I secured the skelly to the seat with drywall screws thru the pelvis and legs. The PWM control is essential to this setup, without it you won't be able to adjust the motor rpm to match the swing cycle. I used the low speed wiring on the motor and powered the PWM with 12V. For my setup, 21 rpms was optimal for the swing cycle. Optimal setting has the motor roller contacting the center leg when the swing is ALMOST fully rearward. Slight adjustments of the PWM control make a difference, go a little at time until you get the best swing. 
One last thing to consider is a way to keep rain from ruining the motor and speed control. I made a "roof" from sheet metal and gave it a quick camo paint job to match the oak tree it will be installed in.

Good luck and happy swinging!


----------



## DaveintheGrave (Feb 12, 2004)

Great design, J-Man! Big improvement over my two-piece one.

Nice!


----------



## J-Man (Feb 1, 2011)

DaveintheGrave said:


> Great design, J-Man! Big improvement over my two-piece one.
> 
> Nice!


Thanks DaveintheGrave! Yours is pretty awesome too!


----------



## ghostlland820 (Jan 11, 2014)

Simple, elegant, inspiring design. Thanks!


----------



## J-Man (Feb 1, 2011)

ghostlland820 said:


> Simple, elegant, inspiring design. Thanks!


Thanks ghostlland!


----------



## thehoghunter (Jul 24, 2007)

Wow J-Man, great design. Will have to try this.

Question on the skelly you used - I noticed the feet are connected. Would free movement from the knee down cause problems with the swinging? It would seem more natural if the bottom portion of the legs were moving...just wondering if you had tried this or not.


----------



## J-Man (Feb 1, 2011)

thehoghunter said:


> Wow J-Man, great design. Will have to try this.
> 
> Question on the skelly you used - I noticed the feet are connected. Would free movement from the knee down cause problems with the swinging? It would seem more natural if the bottom portion of the legs were moving...just wondering if you had tried this or not.


Hey thanks! I used a Pose-N-Stay which doesn't have free joint movement unless it's modified. The feet aren't tied together, it's just the natural way the legs wanna go when he's sitting. I don't think free movement at the knees would affect the swing, it should be fine.


----------



## mharnish (Apr 27, 2017)

Thanks for the awesome tutorial. I just finished building mine and it turned out great. I haven't added the ropes/swing/skelly but the mechanism is running well. I'll post some pics once I put it out this year. One thing that would be helpful is listing the PVC length for the main top tube. I fudged it and got it fitted pretty well but it is the one measurement missing from your diagram.

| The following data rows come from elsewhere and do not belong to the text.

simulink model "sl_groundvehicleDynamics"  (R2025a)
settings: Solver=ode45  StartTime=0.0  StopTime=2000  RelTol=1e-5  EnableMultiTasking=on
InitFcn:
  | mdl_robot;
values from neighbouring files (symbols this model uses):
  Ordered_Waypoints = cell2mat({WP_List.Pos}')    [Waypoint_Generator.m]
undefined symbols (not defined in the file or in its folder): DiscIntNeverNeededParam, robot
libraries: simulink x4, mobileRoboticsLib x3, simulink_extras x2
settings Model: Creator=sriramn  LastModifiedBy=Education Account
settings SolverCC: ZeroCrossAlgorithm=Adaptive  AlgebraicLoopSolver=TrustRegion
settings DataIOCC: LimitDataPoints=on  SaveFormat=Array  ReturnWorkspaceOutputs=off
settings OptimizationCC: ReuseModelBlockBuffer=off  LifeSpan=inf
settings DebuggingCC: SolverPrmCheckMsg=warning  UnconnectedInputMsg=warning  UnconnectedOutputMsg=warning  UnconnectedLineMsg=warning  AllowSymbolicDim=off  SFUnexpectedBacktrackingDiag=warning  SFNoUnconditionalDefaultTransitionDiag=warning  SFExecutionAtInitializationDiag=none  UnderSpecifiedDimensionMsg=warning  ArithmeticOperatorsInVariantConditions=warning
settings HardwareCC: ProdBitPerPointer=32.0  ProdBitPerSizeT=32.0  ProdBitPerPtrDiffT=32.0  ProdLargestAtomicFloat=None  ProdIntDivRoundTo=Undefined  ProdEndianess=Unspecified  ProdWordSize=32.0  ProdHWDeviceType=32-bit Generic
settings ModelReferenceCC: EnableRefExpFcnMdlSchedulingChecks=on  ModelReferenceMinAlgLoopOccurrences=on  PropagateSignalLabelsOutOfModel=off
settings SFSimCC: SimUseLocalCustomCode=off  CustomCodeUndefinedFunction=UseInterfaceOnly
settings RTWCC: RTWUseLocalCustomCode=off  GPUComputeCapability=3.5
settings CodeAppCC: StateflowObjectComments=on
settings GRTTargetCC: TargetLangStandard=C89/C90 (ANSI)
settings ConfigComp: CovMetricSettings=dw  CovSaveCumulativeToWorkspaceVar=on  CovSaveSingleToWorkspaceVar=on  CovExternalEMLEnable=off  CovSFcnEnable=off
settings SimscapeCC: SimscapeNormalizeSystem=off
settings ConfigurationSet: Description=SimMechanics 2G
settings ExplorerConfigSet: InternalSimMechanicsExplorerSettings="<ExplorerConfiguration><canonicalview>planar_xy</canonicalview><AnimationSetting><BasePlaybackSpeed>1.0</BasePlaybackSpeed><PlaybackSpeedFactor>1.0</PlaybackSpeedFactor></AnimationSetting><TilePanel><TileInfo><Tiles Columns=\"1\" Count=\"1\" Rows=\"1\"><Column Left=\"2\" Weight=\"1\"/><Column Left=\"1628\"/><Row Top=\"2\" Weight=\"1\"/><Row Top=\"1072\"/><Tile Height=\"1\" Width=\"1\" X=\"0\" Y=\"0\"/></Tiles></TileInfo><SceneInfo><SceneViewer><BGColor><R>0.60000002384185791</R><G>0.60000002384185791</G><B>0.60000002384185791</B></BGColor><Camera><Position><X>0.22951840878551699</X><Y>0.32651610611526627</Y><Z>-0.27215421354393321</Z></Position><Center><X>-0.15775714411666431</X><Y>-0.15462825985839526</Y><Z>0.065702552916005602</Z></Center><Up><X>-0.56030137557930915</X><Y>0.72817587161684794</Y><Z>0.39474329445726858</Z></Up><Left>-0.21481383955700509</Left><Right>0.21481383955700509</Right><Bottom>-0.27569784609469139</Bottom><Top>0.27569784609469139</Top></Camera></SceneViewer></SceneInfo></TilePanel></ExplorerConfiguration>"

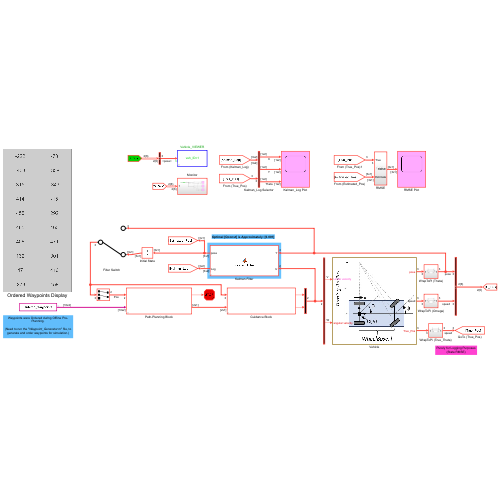
[thumbnail: Simulink's stored preview of the top-level diagram]
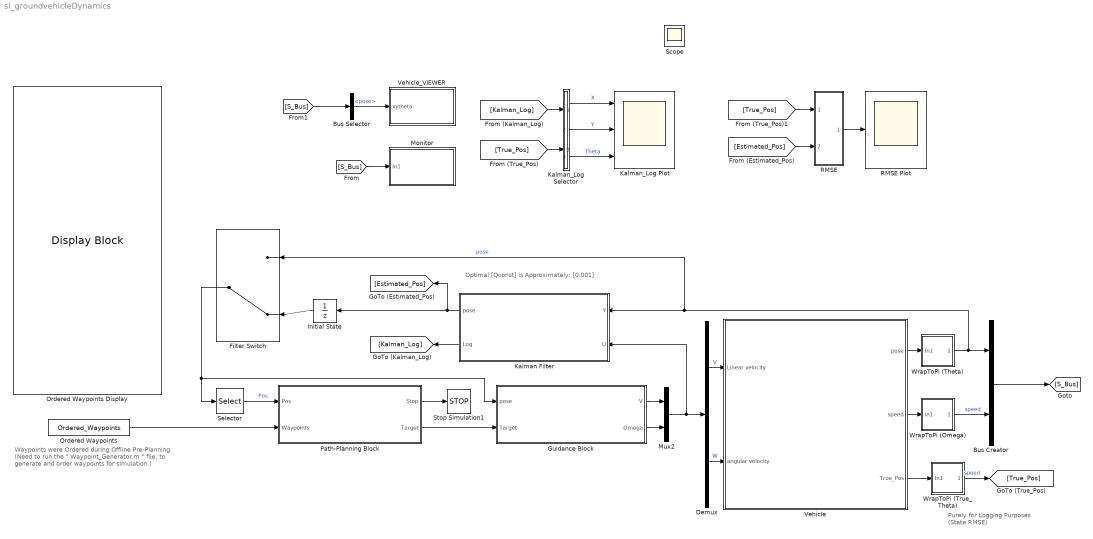
== system sl_groundvehicleDynamics ==
  note: Optimal [Qconst] is Approximately: [0.001]
  note: Waypoints were Ordered during Offline Pre-Planning.
      |
      | (Need to run the " Waypoint_Generator.m " file, to generate and order waypoints for simulation.)
  note: Purely for Logging Purposes
      | (State RMSE)
  Bus Creator : BusCreator  Inputs=2
  Bus Selector : BusSelector  OutputSignals=pose
  Demux : Demux  Outputs=2
  Filter Switch : ManualSwitch  CurrentSetting=0
  Guidance Block : MATLAB Function  TreatAsAtomicUnit=on  mask{Vc=10, MaxOmega=90, Kp=10, Kd=0, N=4, dT=0.05}
      mask prompts: Vc "Linear Velocity (m/s):"; MaxOmega "Maximum Angular Velocity (deg/s):"; Kp "Proportional Gain [Kp]:"; Kd "Derivative Gain [Kd] (ignore):"; N "Navigation Gain [N] (ignore):"; dT "Sample Time [dT]:"
  Initial State : UnitDelay  InitialCondition=[0; 0; 0]  SampleTime=0.05  HasFrameUpgradeWarning=on
  Kalman Filter : MATLAB Function  TreatAsAtomicUnit=on  SystemSampleTime=0.05  mask{sig2_V=10^-3, sig2_W=10^-3, P0_pos=100, P0_theta=100, dT=0.05}
      mask prompts: sig2_V "Linear Velocity Variance [sig2_V]:"; sig2_W "Angular Velocity Variance [sig2_W]:"; P0_pos "Initial Position Variance [P0_pos]:"; P0_theta "Initial Heading Variance [P0_theta]:"; dT "Sample Time [dT]:"
  Kalman_Log Plot : Scope  NumInputPorts=3
      settings: SampleTime=0.05  TimeSpan=350  ActiveDisplayYMinimum=-0.45488119893113321  ActiveDisplayYMaximum=0.48875254754884168
  Kalman_Log Selector : Subsystem
  Monitor : Subsystem
  Mux2 : Mux  Inputs=2
  Ordered Waypoints : Constant  Value=Ordered_Waypoints  VectorParams1D=off
  Ordered Waypoints Display : DisplayBlock  LabelPosition=Hide  Transparency=1  GridColor=[0.502, 0.502, 0.502]
  Path-Planning Block : MATLAB Function  TreatAsAtomicUnit=on  mask{LookAhead=5, WP_Thresh=20}
      mask prompts: LookAhead "Look-Ahead Distance [Ahead]:"; WP_Thresh "WayPoint Threshold [WP_Thresh]:"
  RMSE : Subsystem
  RMSE Plot : Scope
      settings: SampleTime=0.05  TimeSpan=700  Title=State Estimation RMSE  ActiveDisplayYMinimum=-0.13363764478764484  ActiveDisplayYMaximum=1.9663623552123544  YLabel=RMSE  DataLoggingVariableName=ScopeData3
  Selector : Selector  InputPortWidth=3  IndexOptions=Index vector (dialog)  Indices=[1 2]  OutputSizes=1
  Stop Simulation1 : Stop
  Vehicle : Subsystem
      mask Display: image('vehicle.jpg');
  Vehicle_VIEWER : Subsystem  mask{wp_mat=[-500, 500; -500, 500]', veh_ID_num=1, veh_init_xytheta=[robot.X robot.Y robot.Theta], Ts=0.5}
      mask prompts: wp_mat "Waypoint matrix for arena [x_col, y_col] (m)"; veh_ID_num "Vehicle ID number"; veh_init_xytheta "Initial pose [x,y,theta]"; Ts "Sample time for updating animation (secs)"
      mask TypeOptions veh_ID_num: 1 | 2 | 3 | 4
      mask DialogControl Control2 Prompt: Animate simulation of Differential Drive Robot (DDR)
      mask Display: fprintf('veh_ID=%d',veh_ID_num);
  WrapToPi (Omega) : Subsystem
  WrapToPi (Theta) : Subsystem
  WrapToPi (True_Theta) : Subsystem
  Scope : Scope
      settings: ActiveDisplayYMinimum=0.07  ActiveDisplayYMaximum=0.09
  wires:
  [S_Bus] -> Monitor/1(In1)
  [S_Bus] -> Bus Selector/1
  Vehicle/2(speed) -> WrapToPi (Omega)/1(In1)
  Bus Creator/1 -> [S_Bus]
  Bus Selector/1 -> Vehicle_VIEWER/1(xytheta)  "<pose>"
  Demux/1 -> Vehicle/1(Linear velocity)  "V"
  Guidance Block/2(Omega) -> Mux2/2
  Guidance Block/1(V) -> Mux2/1
  Demux/2 -> Vehicle/2(angular velocity)  "W"
  Mux2/1 -> Kalman Filter/2(U), Demux/1
  Path-Planning Block/2(Target) -> Guidance Block/2(Target)
  Ordered Waypoints/1 -> Path-Planning Block/2(Waypoints)
  Vehicle/1(pose) -> WrapToPi (Theta)/1(In1)
  Path-Planning Block/1(Stop) -> Stop Simulation1/1
  Kalman Filter/1(pose) -> [Estimated_Pos], Initial State/1
  Filter Switch/1 -> Guidance Block/1(pose), Selector/1
  Selector/1 -> Path-Planning Block/1(Pos)  "Pos"
  Kalman_Log Selector/2(Y) -> Kalman_Log Plot/2  "Y"
  Kalman_Log Selector/1(X) -> Kalman_Log Plot/1  "X"
  Kalman_Log Selector/3(Theta) -> Kalman_Log Plot/3  "Theta"
  [Kalman_Log] -> Kalman_Log Selector/1(Log)
  WrapToPi (Theta)/1(Out1) -> Bus Creator/1, Kalman Filter/1(Y), Filter Switch/1  "pose"
  WrapToPi (Omega)/1(Out1) -> Bus Creator/2  "speed"
  Initial State/1 -> Filter Switch/2
  Kalman Filter/2(Log) -> [Kalman_Log]
  Vehicle/3(True_Pos) -> WrapToPi (True_Theta)/1(In1)
  [True_Pos] -> Kalman_Log Selector/2(True_Pos)
  WrapToPi (True_Theta)/1(Out1) -> [True_Pos]  "speed"
  [True_Pos] -> RMSE/1(True)
  [Estimated_Pos] -> RMSE/2(Estimate)
  RMSE/1(RMSE) -> RMSE Plot/1

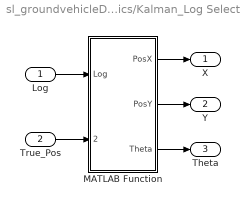
== system sl_groundvehicleDynamics/Kalman_Log Selector ==
  Log : Inport
  True_Pos : Inport  Port=2
  MATLAB Function : MATLAB Function  TreatAsAtomicUnit=on
  X : Outport
  Y : Outport  Port=2
  Theta : Outport  Port=3
  wires:
  MATLAB Function/1(PosX) -> X/1
  MATLAB Function/2(PosY) -> Y/1
  MATLAB Function/3(Theta) -> Theta/1
  Log/1 -> MATLAB Function/1(Log)
  True_Pos/1 -> MATLAB Function/2(True_Pos)

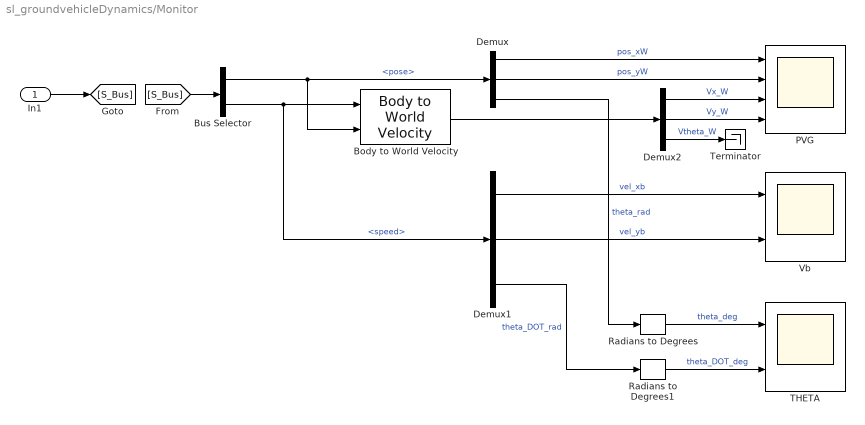
== system sl_groundvehicleDynamics/Monitor ==
  In1 : Inport
  Body to World Velocity : mobileRoboticsLib/Utilities/Body to World Velocity
      settings: SourceProductName=Mobile Robotics Simulation Toolbox
  Bus Selector : BusSelector  OutputSignals=pose,speed
  Demux : Demux  Outputs=3
  Demux1 : Demux  Outputs=3
  Demux2 : Demux  Outputs=3
  PVG : Scope  NumInputPorts=4
      settings: ActiveDisplayYMinimum=-5.1706239874781605  ActiveDisplayYMaximum=31.754450302209349
  Radians to Degrees : simulink_extras/Transformations/Radians to Degrees
  Radians to Degrees1 : simulink_extras/Transformations/Radians to Degrees
  THETA : Scope  NumInputPorts=2
      settings: ActiveDisplayYMinimum=-8.72937  ActiveDisplayYMaximum=60.06611  DataLoggingVariableName=ScopeData2
  Terminator : Terminator
  Vb : Scope  NumInputPorts=2
      settings: ActiveDisplayYMinimum=0.05577  ActiveDisplayYMaximum=0.8929
  wires:
  In1/1 -> [S_Bus]
  [S_Bus] -> Bus Selector/1
  Demux/1 -> PVG/1  "pos_xW"
  Demux/2 -> PVG/2  "pos_yW"
  Radians to Degrees1/1 -> THETA/2  "theta_DOT_deg"
  Radians to Degrees/1 -> THETA/1  "theta_deg"
  Demux1/3 -> Radians to Degrees1/1  "theta_DOT_rad"
  Demux/3 -> Radians to Degrees/1  "theta_rad"
  Bus Selector/1 -> Body to World Velocity/2, Demux/1  "<pose>"
  Bus Selector/2 -> Demux1/1, Body to World Velocity/1  "<speed>"
  Body to World Velocity/1 -> Demux2/1
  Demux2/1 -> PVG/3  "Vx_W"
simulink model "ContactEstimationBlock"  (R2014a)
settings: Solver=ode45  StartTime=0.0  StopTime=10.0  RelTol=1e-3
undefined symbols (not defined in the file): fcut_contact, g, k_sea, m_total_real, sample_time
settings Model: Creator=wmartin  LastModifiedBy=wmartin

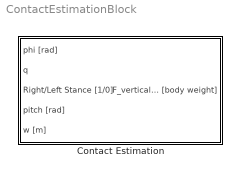
== system ContactEstimationBlock ==
  Contact Estimation : Subsystem

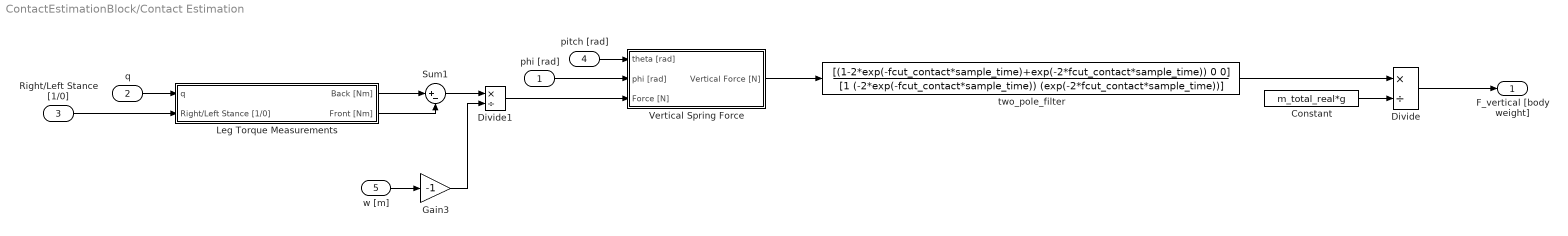
== system ContactEstimationBlock/Contact Estimation ==
  phi [rad] : Inport
  q : Inport  Port=2
  Right/Left Stance [1/0] : Inport  Port=3
  pitch [rad] : Inport  Port=4
  w [m] : Inport  Port=5
  Constant : Constant  Value=m_total_real*g
  Divide : Product  Inputs=*/
  Divide1 : Product  Inputs=*/
  Gain3 : Gain  Gain=-1
  Leg Torque Measurements : Subsystem
  Sum1 : Sum  Inputs=|+-
  Vertical Spring Force : Subsystem
  two_pole_filter : DiscreteTransferFcn  Numerator=[(1-2*exp(-fcut_contact*sample_time)+exp(-2*fcut_contact*sample_time)) 0 0]  Denominator=[1 (-2*exp(-fcut_contact*sample_time)) (exp(-2*fcut_contact*sample_time))]  SampleTime=sample_time
  F_vertical [body weight] : Outport
  wires:
  Vertical Spring Force/1(Vertical Force [N]) -> two_pole_filter/1
  Constant/1 -> Divide/2
  two_pole_filter/1 -> Divide/1
  q/1 -> Leg Torque Measurements/1(q)
  Leg Torque Measurements/1(Back [Nm]) -> Sum1/1
  Leg Torque Measurements/2(Front [Nm]) -> Sum1/2
  Sum1/1 -> Divide1/1
  Divide1/1 -> Vertical Spring Force/3(Force [N])
  pitch [rad]/1 -> Vertical Spring Force/1(theta [rad])
  w [m]/1 -> Gain3/1
  Gain3/1 -> Divide1/2
  phi [rad]/1 -> Vertical Spring Force/2(phi [rad])
  Divide/1 -> F_vertical [body weight]/1
  Right/Left Stance [1/0]/1 -> Leg Torque Measurements/2(Right/Left Stance [1/0])

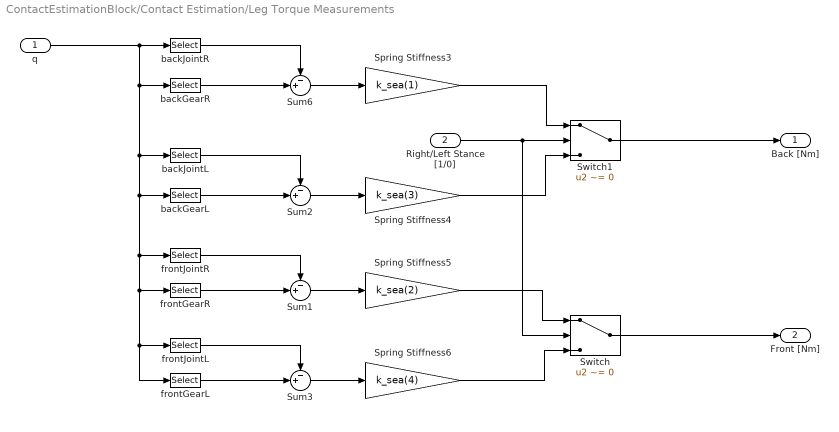
== system ContactEstimationBlock/Contact Estimation/Leg Torque Measurements ==
  q : Inport
  Right/Left Stance [1/0] : Inport  Port=2
  Spring Stiffness3 : Gain  Gain=k_sea(1)
  Spring Stiffness4 : Gain  Gain=k_sea(3)
  Spring Stiffness5 : Gain  Gain=k_sea(2)
  Spring Stiffness6 : Gain  Gain=k_sea(4)
  Sum{1..3,6} (4 alike) : Sum  Inputs=-+|
  Switch : Switch  Criteria=u2 ~= 0
  Switch1 : Switch  Criteria=u2 ~= 0
  backGearL : Selector  InputPortWidth=13  Indices=[6]
  backGearR : Selector  InputPortWidth=13  Indices=[2]
  backJointL : Selector  InputPortWidth=13  Indices=[5]
  backJointR : Selector  InputPortWidth=13  Indices=[1]
  frontGearL : Selector  InputPortWidth=13  Indices=[8]
  frontGearR : Selector  InputPortWidth=13  Indices=[4]
  frontJointL : Selector  InputPortWidth=13  Indices=[7]
  frontJointR : Selector  InputPortWidth=13  Indices=[3]
  Back [Nm] : Outport
  Front [Nm] : Outport  Port=2
  wires:
  Spring Stiffness6/1 -> Switch/3
  Spring Stiffness5/1 -> Switch/1
  Spring Stiffness4/1 -> Switch1/3
  Spring Stiffness3/1 -> Switch1/1
  q/1 -> backJointR/1, frontGearL/1, frontJointL/1, frontGearR/1, frontJointR/1, backGearL/1, backJointL/1, backGearR/1
  backGearR/1 -> Sum6/2
  frontJointR/1 -> Sum1/1
  frontGearR/1 -> Sum1/2
  backJointR/1 -> Sum6/1
  Switch/1 -> Front [Nm]/1
  Sum1/1 -> Spring Stiffness5/1
  Sum6/1 -> Spring Stiffness3/1
  backGearL/1 -> Sum2/2
  frontJointL/1 -> Sum3/1
  frontGearL/1 -> Sum3/2
  backJointL/1 -> Sum2/1
  Switch1/1 -> Back [Nm]/1
  Sum2/1 -> Spring Stiffness4/1
  Sum3/1 -> Spring Stiffness6/1
  Right/Left Stance [1/0]/1 -> Switch/2, Switch1/2

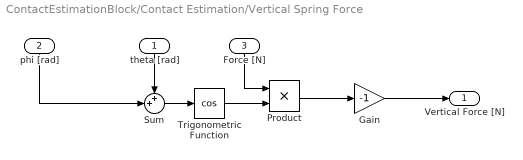
== system ContactEstimationBlock/Contact Estimation/Vertical Spring Force ==
  theta [rad] : Inport
  phi [rad] : Inport  Port=2
  Force [N] : Inport  Port=3
  Gain : Gain  Gain=-1
  Product : Product
  Sum : Sum  Inputs=++|
  Trigonometric Function : Trigonometry  Operator=cos
  Vertical Force [N] : Outport
  wires:
  Force [N]/1 -> Product/1
  phi [rad]/1 -> Sum/2
  theta [rad]/1 -> Sum/1
  Trigonometric Function/1 -> Product/2
  Product/1 -> Gain/1
  Sum/1 -> Trigonometric Function/1
  Gain/1 -> Vertical Force [N]/1

Where did you get the sheet metal you used for the cover? I would like to do something similar but wasn't sure where to get it. Does Lowes or Home Depot sell something like that?

Thanks again!!


----------



## J-Man (Feb 1, 2011)

mharnish said:


> Thanks for the awesome tutorial. I just finished building mine and it turned out great. I haven't added the ropes/swing/skelly but the mechanism is running well. I'll post some pics once I put it out this year. One thing that would be helpful is listing the PVC length for the main top tube. I fudged it and got it fitted pretty well but it is the one measurement missing from your diagram.
> 
> Where did you get the sheet metal you used for the cover? I would like to do something similar but wasn't sure where to get it. Does Lowes or Home Depot sell something like that?
> 
> Thanks again!!


I was a Union Sheet Metal Worker for 37 years so I have a few pieces laying around. You might check with a local Heating/Cooling company and see if they'll sell you a piece of 26 gauge. Scrap yards might be an option too.


----------



## stick (Apr 2, 2009)

You should be able to find sheet metal at Lowe's or Home Depot the size you need. It is located around door parts and mailboxes I thank. You may need to ask a store person.

J-Man thanks for this how to.I like to make one one day.


----------



## J-Man (Feb 1, 2011)

stick said:


> You should be able to find sheet metal at Lowe's or Home Depot the size you need. It is located around door parts and mailboxes I thank. You may need to ask a store person.
> 
> J-Man thanks for this how to.I like to make one one day.


You're quite welcome!


----------



## htmagic (Apr 5, 2017)

In Home Depot, look next to the angle iron and unistrut material. They sell 24 in sq sheets of sheet metal, expanded metal, and also diamond plate which is heavier and chrome plated. Tractor Supply Company (TSC) also carries this type off stuff. 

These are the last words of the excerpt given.